**DATA FOR THE TASK**
⟨
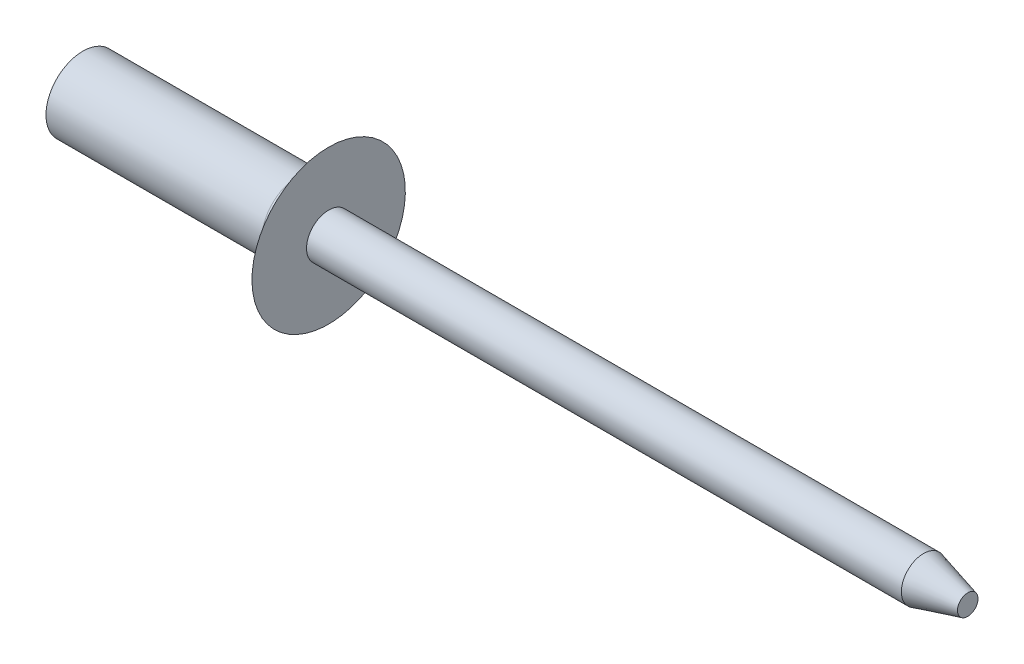
SolidWorks part; units mm, degrees
ref_plane "Front" through (0, 0, 0) normal (0, 0, 1) x (1, 0, 0)
ref_plane "Top" through (0, 0, 0) normal (0, 1, 0) x (1, 0, 0)
ref_plane "Right" through (0, 0, 0) normal (1, 0, 0) x (0, 0, -1)
sketch "Sketch1" plane through (-20.7953, 23.9153, 0) normal (0, 0, 1) x (0, -1, 0)
  line L0 (23.9153, 20.7953) -> (25.4153, 20.7953)
  line L1 (25.4153, 20.7953) -> (25.4153, 29.86)
  line L2 (25.4153, 29.86) -> (27.0353, 30.7953)
  line L3 (27.0353, 30.7953) -> (24.8153, 30.7953)
  line L4 (24.8153, 30.7953) -> (24.8153, 56.7953)
  line L5 (23.9153, 51.1695) -> (23.9153, -6.4589) construction
  line L6 (24.8153, 56.7953) -> (23.9153, 56.7953)
  line L7 (23.9153, 56.7953) -> (23.9153, 20.7953)
  dimension "D5" = 60
revolve "Base-Revolve" add sketch "Sketch1" angle 360 about L5
fillet "Fillet1" radius 0.5 1 edges at (9.0647, 1.5, 0)
chamfer "Chamfer1" distance 1.8 angle 15 1 edges at (36, 0.9, 0) first distance on face at (36, 0.9, 0)
equation "\"D1@Chamfer1\" = \"d1@Sketch1\""
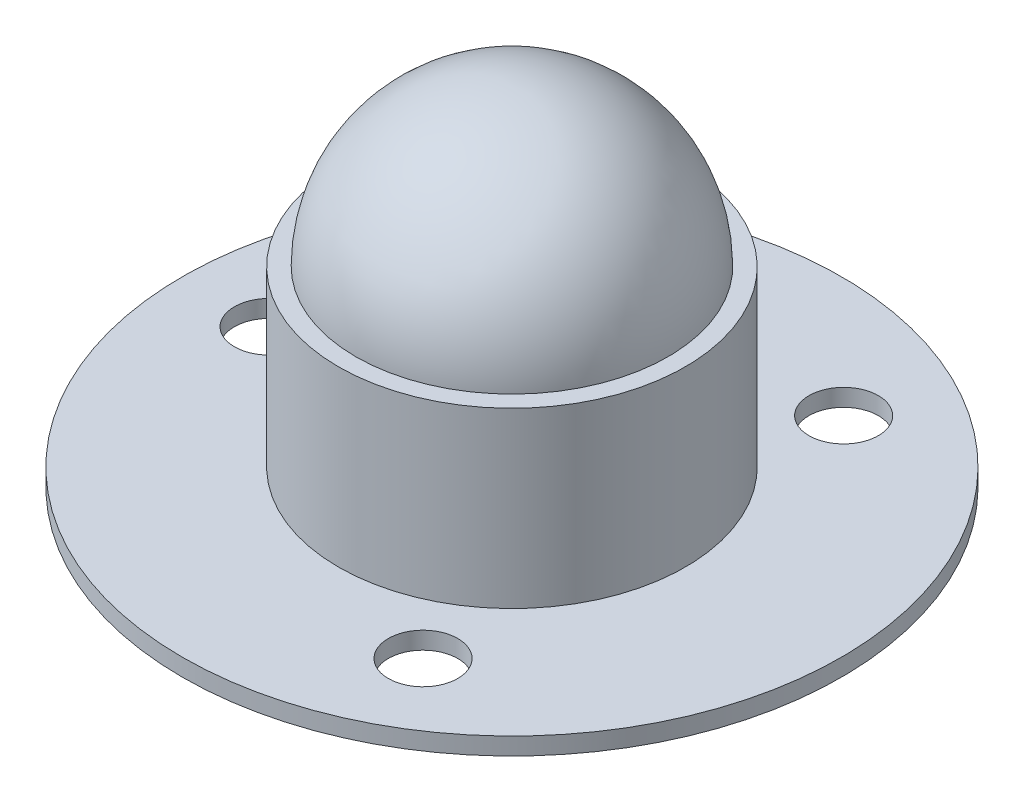
SolidWorks part; units mm, degrees
material "1023 Carbon Steel Sheet (SS)"
ref_plane "Front Plane" through (0, 0, 0) normal (0, 0, 1) x (1, 0, 0)
ref_plane "Top Plane" through (0, 0, 0) normal (0, 1, 0) x (1, 0, 0)
ref_plane "Right Plane" through (0, 0, 0) normal (1, 0, 0) x (0, 0, -1)
sketch "Sketch1" plane through (0, 0, 0) normal (0, 1, 0) x (1, 0, 0)
  line L0 (-19, 0) -> (-14, 0)
  circle A0 centre (0, 0) radius 19
  circle A1 centre (-14, 0) radius 2
  circle A2 centre (7, 12.1244) radius 2
  circle A3 centre (7, -12.1244) radius 2
  dimension "D1" = 3
extrude "Boss-Extrude1" add sketch "Sketch1" along normal mid plane 1 contours A1 A0 A3 A2 region at (0, 0, 0)
sketch "Sketch2" plane through (0, 0.5, 0) normal (0, 1, 0) x (1, 0, 0)
  circle A0 centre (0, 0) radius 10
extrude "Boss-Extrude2" add sketch "Sketch2" along normal blind 10
sketch "Sketch3" plane through (0, 10.5, 0) normal (0, 1, 0) x (1, 0, 0)
  line L0 (0, 9) -> (0, -9)
  circle A0 centre (0, 0) radius 9
revolve "Revolve1" add sketch "Sketch3" angle 360 about L0 region at (-3.8197, 10.5, 0)
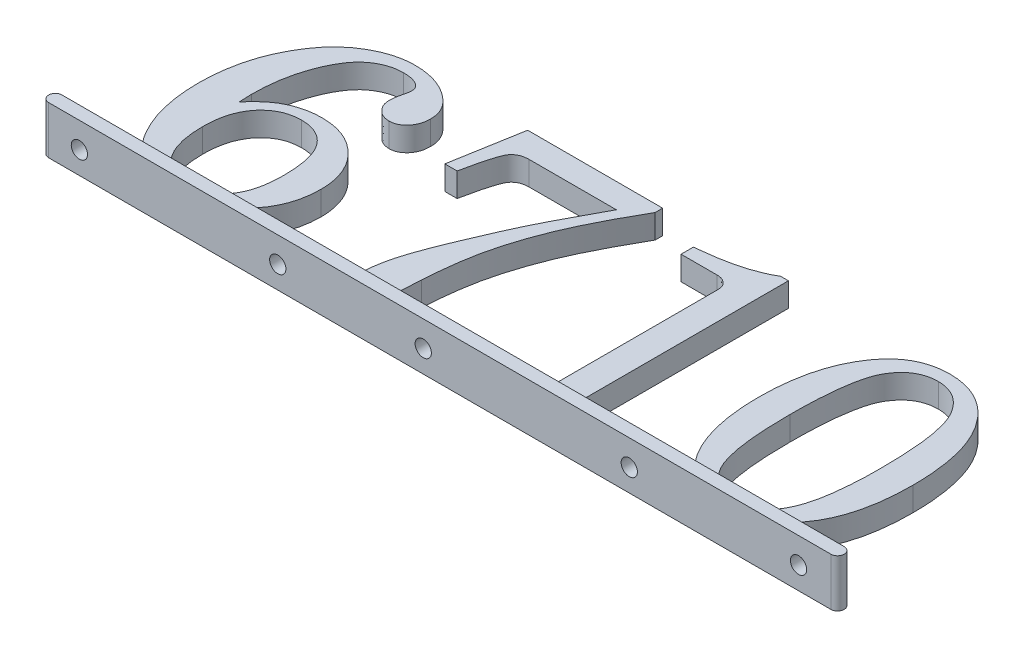
SolidWorks part; units mm, degrees
ref_plane "Front Plane" through (0, 0, 0) normal (0, 0, 1) x (1, 0, 0)
ref_plane "Top Plane" through (0, 0, 0) normal (0, 1, 0) x (1, 0, 0)
ref_plane "Right Plane" through (0, 0, 0) normal (1, 0, 0) x (0, 0, -1)
sketch "Sketch3" plane through (0, 0, 0) normal (0, 1, 0) x (1, 0, 0)
  text T0 "6710" font "Century Schoolbook" height 50
extrude "Boss-Extrude1" add sketch "Sketch3" along normal blind 5
sketch "Sketch4" plane through (2.6119, 0, 2.5188) normal (0, 1, 0) x (1, 0, 0)
  line L0 (-92.7694, -22.5827) -> (70.6796, -22.5827) construction
  line L1 (-92.7694, -21.1977) -> (70.6796, -21.1977)
  line L2 (-92.7694, -23.9677) -> (70.6796, -23.9677)
  arc A0 (-92.7694, -21.1977) -> (-92.7694, -23.9677) centre (-92.7694, -22.5827) ccw
  arc A1 (70.6796, -23.9677) -> (70.6796, -21.1977) centre (70.6796, -22.5827) ccw
  point P2 (-11.0449, -22.5827)
extrude "Boss-Extrude2" add sketch "Sketch4" along normal blind 10 contours L1 A1 L2 A0
hole_wizard "M3 Clearance Hole2" positions "Sketch8" profile "Sketch7" hole size "M3" standard "ANSI Metric" end condition through all
sketch "Sketch8" plane through (0, 0, 23.7165) normal (0, 0, -1) x (-1, 0, 0)
  point P0 (83.7533, 4.6606)
  point P2 (42.2985, 4.6606)
  point P4 (11.8998, 4.6606)
  point P6 (-31.151, 4.6606)
  point P8 (-66.5202, 4.6606)
sketch "Sketch7" plane through (-83.7533, 4.6606, 23.7165) normal (1, 0, 0) x (0, 1, 0)
  line L0 (0, 0) -> (0, 2.77)
  line L1 (0, 2.77) -> (1.7, 2.77)
  line L2 (1.7, 2.77) -> (1.7, 0)
  line L5 (1.7, 0) -> (0, 0)
  line L11 (0, -6.35) -> (0, 107.95) construction
  dimension "Thru Hole Dia." = 3.4
  dimension "Thru Hole Depth" = 2.77
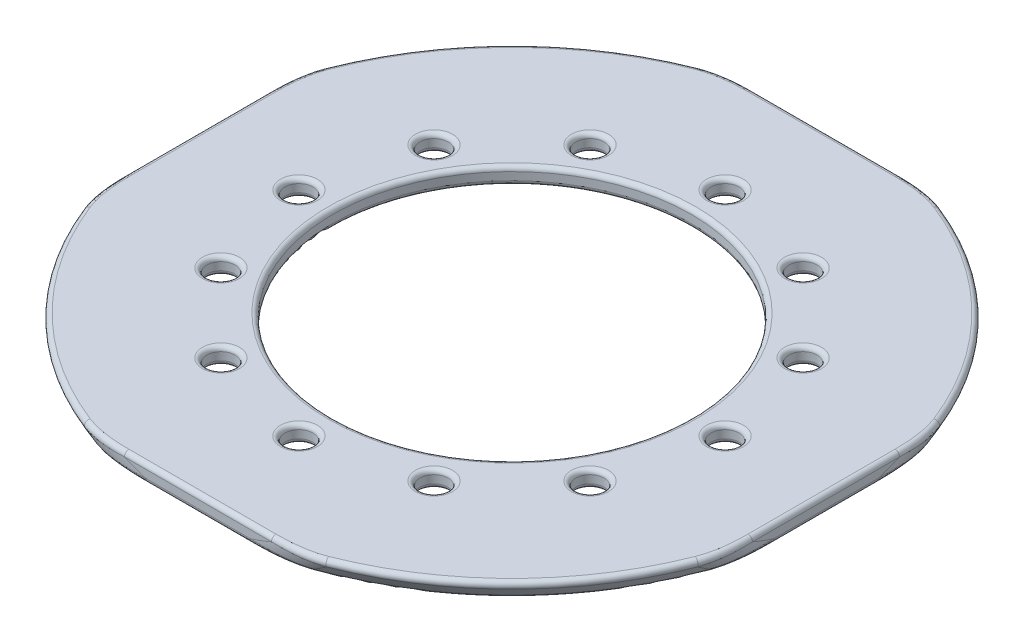
SolidWorks part; units mm, degrees
ref_plane "Front Plane" through (0, 0, 0) normal (0, 0, 1) x (1, 0, 0)
ref_plane "Top Plane" through (0, 0, 0) normal (0, 1, 0) x (1, 0, 0)
ref_plane "Right Plane" through (0, 0, 0) normal (1, 0, 0) x (0, 0, -1)
sketch "Main Revolve Sketch" plane through (0, 0, 0) normal (0, 0, 1) x (1, 0, 0)
  line L0 (0, 0) -> (0, 96.25) construction
  line L3 (-82.5, 13.75) -> (-82.5, 0) construction
  line L4 (-82.5, 0) -> (-82.5, -13.75) construction
  line L8 (0, 96.25) -> (96.25, 96.25) construction
  line L9 (0, -96.25) -> (96.25, -96.25) construction
  line L11 (0, 0) -> (0, -96.25) construction
  line L13 (0, 0) -> (0, -50) construction
  line L14 (0, -50) -> (-74.1093, -50)
  line L16 (0, -53.75) -> (-72.1543, -53.75)
  line L17 (0, -50) -> (0, -53.75)
  arc A0 (0, 96.25) -> (-82.5, 13.75) centre (0, 13.75) ccw construction
  arc A1 (-74.1093, -50) -> (-72.1543, -53.75) centre (0, -13.75) ccw
  dimension "D1" = 82.5
  dimension "D2" = 27.5
  dimension "D3" = 50
  dimension "D4" = 3.75
revolve "Main Revolve" add sketch "Main Revolve Sketch" angle 360 about L0
sketch "Sketch3" plane through (0, 0, 0) normal (0, 0, 1) x (1, 0, 0)
  circle A9 centre (0, 0) radius 125
  dimension "D1" = 250
extrude "Cut-Extrude2" cut sketch "Sketch3" against normal offset from surface (430 mm away) 70 from offset 500 contours A9 up to plane "Front Plane"
fillet "Fillet1" radius 10 2 edges at (-21.0013, -52.0279, 70) (21.0013, -52.0279, 70)
pattern_circular "CirPattern4" count 4 over 360 about axis through (0, -50, 0) along (0, -1, 0) of "Cut-Extrude2", "Fillet1"
sketch "Sketch5" plane through (0, 0, 0) normal (0, 1, 0) x (1, 0, 0)
  line L8 (0, 0) -> (0, -47.5) construction
  line L9 (-23.75, 41.1362) -> (0, 47.5) construction
  line L10 (47.5, 0) -> (0, 0) construction
  line L11 (0, 0) -> (41.1362, 23.75) construction
  line L12 (41.1362, 23.75) -> (23.75, 41.1362) construction
  line L13 (23.75, 41.1362) -> (0, 0) construction
  line L14 (0, 0) -> (0, 47.5) construction
  line L15 (0, 47.5) -> (23.75, 41.1362) construction
  line L16 (-23.75, 41.1362) -> (0, 0) construction
  line L17 (0, 0) -> (-41.1362, 23.75) construction
  line L18 (-41.1362, 23.75) -> (-47.5, 0) construction
  line L19 (-47.5, 0) -> (0, 0) construction
  line L20 (0, 0) -> (-41.1362, -23.75) construction
  line L21 (47.5, 0) -> (41.1362, 23.75) construction
  line L22 (-23.75, 41.1362) -> (-41.1362, 23.75) construction
  line L23 (-41.1362, -23.75) -> (-47.5, 0) construction
  line L24 (0, 0) -> (-23.75, -41.1362) construction
  line L25 (0, 0) -> (41.1362, -23.75) construction
  line L26 (-23.75, -41.1362) -> (-41.1362, -23.75) construction
  line L29 (41.1362, -23.75) -> (47.5, 0) construction
  line L30 (-23.75, -41.1362) -> (0, -47.5) construction
  line L31 (0, -47.5) -> (23.75, -41.1362) construction
  line L32 (23.75, -41.1362) -> (41.1362, -23.75) construction
  line L33 (0, 0) -> (23.75, -41.1362) construction
  circle A8 centre (0, 0) radius 40
  circle A9 centre (0, -47.5) radius 3.125
  circle A10 centre (47.5, 0) radius 3.125
  circle A11 centre (41.1362, 23.75) radius 3.125
  circle A12 centre (23.75, 41.1362) radius 3.125
  circle A13 centre (0, 47.5) radius 3.125
  circle A14 centre (-23.75, 41.1362) radius 3.125
  circle A15 centre (-41.1362, 23.75) radius 3.125
  circle A16 centre (-47.5, 0) radius 3.125
  circle A17 centre (-41.1362, -23.75) radius 3.125
  circle A18 centre (41.1362, -23.75) radius 3.125
  circle A19 centre (-23.75, -41.1362) radius 3.125
  circle A20 centre (23.75, -41.1362) radius 3.125
  dimension "D1" = 80
  dimension "D3" = 6.25
  dimension "D2" = 47.5
extrude "Cut-Extrude3" cut sketch "Sketch5" against normal through all
fillet "Fillet2" radius 1 58 edges at (-70, -53.75, 0) (-69.9464, -53.75, 11.8954) (-51.0208, -53.75, 51.0208) (0, -53.75, 70) (11.8954, -53.75, 69.9464) (51.0208, -53.75, 51.0208) (70, -53.75, 0) (69.9464, -53.75, -11.8954) (51.0208, -53.75, -51.0208) (0, -53.75, -70) (-11.8954, -53.75, -69.9464) (-51.0208, -53.75, -51.0208) (0, -53.75, 40) (23.75, -53.75, 44.2612) (-23.75, -53.75, 44.2612) (41.1362, -53.75, 26.875) (-41.1362, -53.75, 26.875) (0, -53.75, 50.625) (47.5, -53.75, 3.125) (41.1362, -53.75, -20.625) (23.75, -53.75, -38.0112) (0, -53.75, -44.375) (-23.75, -53.75, -38.0112) (-41.1362, -53.75, -20.625) (-47.5, -53.75, 3.125) (-52.4032, -50, -52.4032) (0, -50, -70) (22.0118, -50, -69.8522) (52.4032, -50, -52.4032) (70, -50, 0) (69.8522, -50, 22.0118) (52.4032, -50, 52.4032) (0, -50, 70) (-22.0118, -50, 69.8522) (-52.4032, -50, 52.4032) (-70, -50, 0) (-69.8522, -50, -22.0118) (0, -50, -40) (23.75, -50, 38.0112) (-23.75, -50, 38.0112) (41.1362, -50, 20.625) (-41.1362, -50, 20.625) (0, -50, 44.375) (47.5, -50, -3.125) (41.1362, -50, -26.875) (23.75, -50, -44.2612) (0, -50, -50.625) (-23.75, -50, -44.2612) (-41.1362, -50, -26.875) (-47.5, -50, -3.125)
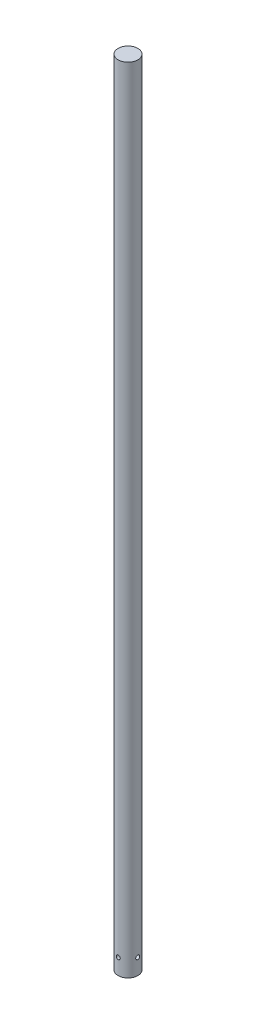
SolidWorks part; units mm, degrees
material "AISI 316 Annealed Stainless Steel Bar (SS)"
ref_plane "Front" through (0, 0, 0) normal (0, 0, 1) x (1, 0, 0)
ref_plane "Top" through (0, 0, 0) normal (0, 1, 0) x (1, 0, 0)
ref_plane "Right" through (0, 0, 0) normal (1, 0, 0) x (0, 0, -1)
sketch "Sketch1" plane through (0, 0, 0) normal (0, 1, 0) x (1, 0, 0)
  circle A1 centre (0, 0) radius 12.5
  dimension "D1" = 25
extrude "Boss-Extrude1" add sketch "Sketch1" along normal blind 1000
sketch "Sketch2" plane through (0, 1000, 0) normal (0, 1, 0) x (1, 0, 0)
  line L0 (-9.5, 8.124) -> (9.5, 8.124)
  arc A0 (9.5, 8.124) -> (-9.5, 8.124) centre (0, 0) ccw
  dimension "D1" = 25
  dimension "D2" = 19
extrude "Cut-Extrude1" [suppressed] cut sketch "Sketch2" against normal blind 300
sketch3d "3DSketch1"
  circle A0 centre (0, 970, 0) radius 12.5
  point P2 (0, 957.5, 0)
  dimension "D1" = 25
curve "Helix/Spiral1" pitch 800 height 200 turns 0.25
hole_wizard "#8 (0.199) Diameter Hole3" positions "3DSketch6" profile "Sketch11" hole size "#8" standard "ANSI Inch" end condition through all
sketch3d "3DSketch6"
  point P0 (-12.5, 20, 0)
  point P2 (0, 20, -12.5)
  dimension "D1" = 20
  dimension "D2" = 20
sketch "Sketch11" plane through (-12.5, 20, 0) normal (0, 1, 0) x (0, 0, 1)
  line L0 (0, 0) -> (0, 25)
  line L1 (0, 25) -> (2.5273, 25)
  line L2 (2.5273, 25) -> (2.5273, 0)
  line L5 (2.5273, 0) -> (0, 0)
  line L11 (0, -6.35) -> (0, 107.95) construction
  dimension "Thru Hole Dia." = 5.0546
  dimension "Thru Hole Depth" = 25
⟩
**WHAT YOU ARE ASKED TO DO**
The response must hold only the lines above from the line with "line L7 (23.9153, 56.7953)" through the line with "face at (36, 0.9, 0)", each copied exactly, both ends kept.

**TASK OUTPUT**
  line L7 (23.9153, 56.7953) -> (23.9153, 20.7953)
  dimension "D5" = 60
revolve "Base-Revolve" add sketch "Sketch1" angle 360 about L5
fillet "Fillet1" radius 0.5 1 edges at (9.0647, 1.5, 0)
chamfer "Chamfer1" distance 1.8 angle 15 1 edges at (36, 0.9, 0) first distance on face at (36, 0.9, 0)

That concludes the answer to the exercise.